I’ve enjoyed attending a Unitarian Universalist church about every other Sunday for a while, and thought I
should know a little more about it, so I picked up this book.

That’s a lie. I have no idea where the book came from, whether it was a gift or a request for review or a purchase I forgot I had made. It just appeared on my bookshelf, without getting logged in my review queue. I love mysteries, so I read it.

U.U. is a merger of two denominations—Universalists and Unitarians—and to be honest, I didn’t learn a lot from the book. That’s because there is no creed to learn, no rituals to perform, no insistence upon a single belief system, while at the same time it demeans none of them. It’s pluralism to the extreme. Fits me to a T, right?

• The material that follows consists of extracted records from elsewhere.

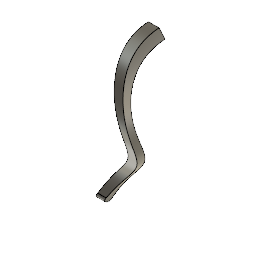
6.5 circular pattern (Autodesk Fusion 360 design; units mm, degrees)
Autodesk Fusion 360 part; units mm, degrees
sketch "Sketch1" plane through (0, 0, 0) normal (1, 0, 0) x (0, 1, 0)
  spline S0 degree 5 poles (0, 0) (-1.5461, -0.056) (-4.5103, -0.2863) (-8.5728, -0.9868) (-13.2055, -2.6049) (-17.6093, -5.6119) (-20.5447, -9.3915) (-21.9764, -13.7078) (-21.9581, -18.3281) (-20.7021, -23.054) (-18.5832, -27.735) (-16.0525, -32.2598) (-13.5801, -36.5535) (-11.5892, -40.5752) (-10.3932, -44.316) (-10.1254, -47.8001) (-10.6672, -50.4131) (-11.4827, -52.2914) (-12.2041, -53.5097) (-12.6092, -54.1104) knots 0 0 0 0 0 0 0.066667 0.133333 0.2 0.266667 0.333333 0.4 0.466667 0.533333 0.6 0.666667 0.733333 0.8 0.866667 0.933333 1 1 1 1 1 1
  line L0 (10.2739, 0.3719) -> (-10.2739, -0.3719)
  spline S1 degree 3 poles (0.1, -2.7622) (-6.0917, -2.9863) (-10.7245, -4.4824) (-13.8238, -6.6593) (-16.4227, -8.4848) (-17.9499, -10.7212) (-18.6267, -13.1732) (-19.304, -15.6268) (-19.1099, -18.3726) (-18.1871, -21.3366) (-17.1185, -24.7688) (-15.0764, -28.4198) (-13.0449, -32.0268) (-10.8363, -35.9482) (-8.7042, -39.8469) (-7.8006, -43.7909) (-7.1465, -46.6457) (-7.1496, -49.5409) (-7.9606, -52.2548) (-8.3548, -53.5742) (-8.9304, -54.8446) (-9.6679, -56.0549) knots 0 0 0 0 0.16767 0.16767 0.16767 0.30827 0.30827 0.30827 0.448963 0.448963 0.448963 0.611881 0.611881 0.611881 0.789001 0.789001 0.789001 0.917212 0.917212 0.917212 0.979548 0.979548 0.979548 0.979548
  line L1 (-12.2892, -55.9) -> (-11.545, -56.4354)
  line L2 (0, 0) -> (0.1, -2.7622)
  arc A0 (-12.6092, -54.1104) -> (-12.2892, -55.9) centre (-11.5269, -54.8403) ccw
  arc A1 (-11.545, -56.4354) -> (-9.6679, -56.0549) centre (-10.7827, -55.3757) ccw
  point P0 (-11.7402, -40.6199)
  dimension "d2" = 1.3054
  constraint coincident S0.start L2.start
  constraint midpoint S0.start L0
  constraint tangent S0 A0
  constraint tangent L1 A0
  constraint tangent L1 A1
  constraint tangent S1 A1
  constraint equal A0 A1
  measures "d2" radius of A0
sketch "Sketch2" plane through (0, 0, 0) normal (0, 1, 0) x (1, 0, 0)
  spline S0 degree 5 poles (-12.1026, -4.473) (-11.4157, -3.9229) (-10.0727, -2.8011) (-8.1507, -1.0537) (-5.7739, 1.4062) (-3.1241, 4.6972) (-0.8218, 8.197) (1.0858, 11.8869) (2.526, 15.7315) (3.3928, 19.6719) (3.574, 23.6369) (2.9838, 27.5566) (1.5945, 31.3748) (-0.5288, 35.0626) (-3.1973, 38.6306) (-6.1455, 42.1158) (-9.0701, 45.5713) (-11.6717, 49.0549) (-13.6924, 52.6195) (-14.9643, 56.3) (-15.3996, 60.1153) (-15.05, 63.2818) (-14.3933, 65.7216) (-13.7809, 67.3768) (-13.431, 68.2116) knots 0 0 0 0 0 0 0.05 0.1 0.15 0.2 0.25 0.3 0.35 0.4 0.45 0.5 0.55 0.6 0.65 0.7 0.75 0.8 0.85 0.9 0.95 1 1 1 1 1 1
  spline S1 degree 3 poles (-10.1736, -6.8817) (-5.8254, -3.3995) (-2.1215, 0.602) (0.7843, 5.1235) (3.2088, 8.8961) (5.0948, 13.0413) (5.978, 17.4473) (6.6428, 20.764) (6.6923, 24.2313) (5.9419, 27.5965) (5.2452, 30.7205) (3.8541, 33.7189) (2.0777, 36.4763) (-0.3869, 40.3021) (-3.5439, 43.7195) (-6.1481, 46.9634) (-8.2297, 49.5562) (-9.9166, 52.025) (-10.9152, 54.4302) (-12.1481, 57.3997) (-12.4388, 60.2799) (-11.7039, 63.5633) (-11.4557, 64.6723) (-11.0858, 65.8238) (-10.585, 67.0188) knots 0 0 0 0 0.179562 0.179562 0.179562 0.329386 0.329386 0.329386 0.442169 0.442169 0.442169 0.546866 0.546866 0.546866 0.692126 0.692126 0.692126 0.808235 0.808235 0.808235 0.951586 0.951586 0.951586 1 1 1 1
  line L0 (-10.1736, -6.8817) -> (-12.1026, -4.473)
  line L1 (-10.585, 67.0188) -> (-13.431, 68.2116)
  point P0 (1.1818, 12.4171)
  point P1 (1.5613, 31.0153)
  point P2 (-12.1026, 49.993)
  dimension "d8" = 3.0859
extrude "Extrude1" add sketch "Sketch2" along normal mid plane 90.686 makes body 1
extrude "Extrude2" add sketch "Sketch1" along normal mid plane 63.566 separate body makes body 2
combine "Combine1" operation intersect target body 1 tool bodies 2

U.U. is a sort of common-sense, practical religion. It feels, to me, open and honest. There is no denial of sin, death, evil, and suffering, but rather there is a humanitarian call to ease or overcome them. Those U.U.’s who have a Christian bent tend to lean toward “works” in the great faith-vs-works debate. I’ve never been good at denying scientific findings (like evolution), and have a tough time believing in any particular afterlife scenario over another, so U.U. fits me there, too. This quote I found absolutely fascinating:

Death is a fairly recent entry in the scheme of evolution. The beginnings of life on this planet were sponsored by single cell organisms, which replicated themselves by division. One generation of beings followed another, each identical to the last. We were immortal, until we became interesting.

But how do I explain the book? I thought I’d just list a few more quotes, and maybe something will resonate with you as well.

Unitarian Universalism might best be described as a life-affirming rather than death-defying faith.

“The Universalists believe that God is too good to damn them, whereas the Unitarians believe they are too good to be damned!” –Star King, p. 34

The light of God (“God” is not God’s name, but our name for that which is greater than all and yet present in each) not only shines down upon us, but also out from within us.

One Truth, many truths; one God, many faiths; one light (Unitarianism), many windows (Universalism).